-- Brief --
Go line by line through the entries and show those that hold the string "SUBTRACT".
── Input data ──
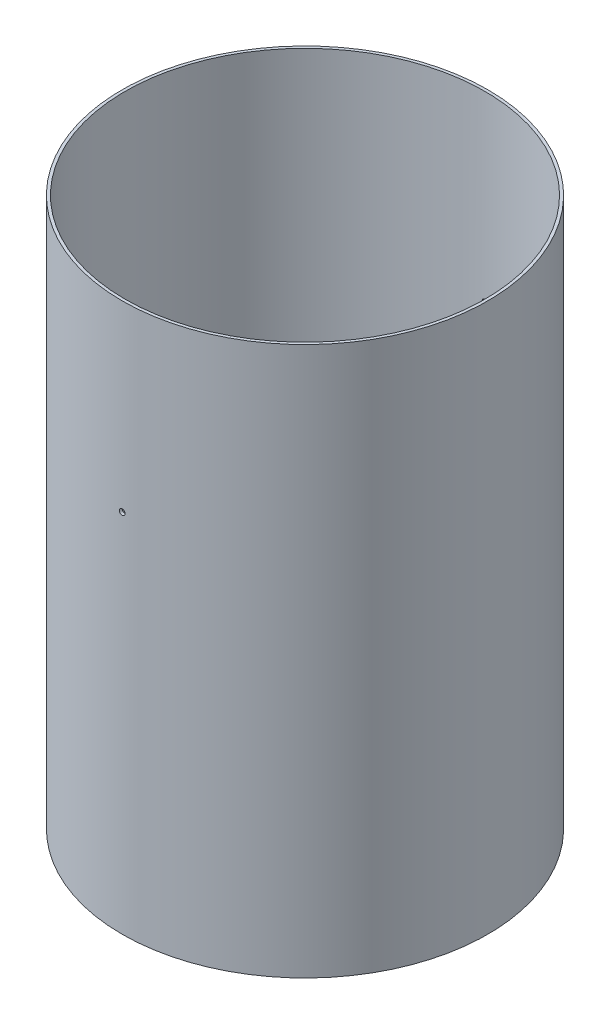
from build123d import *

# Parameters (mm, degrees)
SKETCH1_R               = 101.6
SKETCH1_R_2             = 100.0125
BOSS_EXTRUDE1_DEPTH     = 304.8
CUT_EXTRUDE1_DEPTH      = 381.152390496
CUT_EXTRUDE1_DEPTH_BACK = 381.152390496
SKETCH10_R              = 1.5875


with BuildPart() as part:
    # Sketch1 → Boss-Extrude1 (new body)
    with BuildSketch(Plane(origin=(0, 0, 0), x_dir=(1, 0, 0), z_dir=(0, 1, 0))):
        Circle(SKETCH1_R)
        Circle(SKETCH1_R_2, mode=Mode.SUBTRACT)
    extrude(amount=BOSS_EXTRUDE1_DEPTH)

    # Sketch10 → Cut-Extrude1 (cut, two sides: drawn at the far end of the back side and taken through both)
    with BuildSketch(Plane.XY.offset(101.6).offset(-CUT_EXTRUDE1_DEPTH_BACK)):
        with Locations((0, 203.2)):
            Circle(SKETCH10_R)
    extrude(amount=CUT_EXTRUDE1_DEPTH + CUT_EXTRUDE1_DEPTH_BACK, mode=Mode.SUBTRACT)


solid = part.part
───
-- Expected answer --
        Circle(SKETCH1_R_2, mode=Mode.SUBTRACT)
    extrude(amount=CUT_EXTRUDE1_DEPTH + CUT_EXTRUDE1_DEPTH_BACK, mode=Mode.SUBTRACT)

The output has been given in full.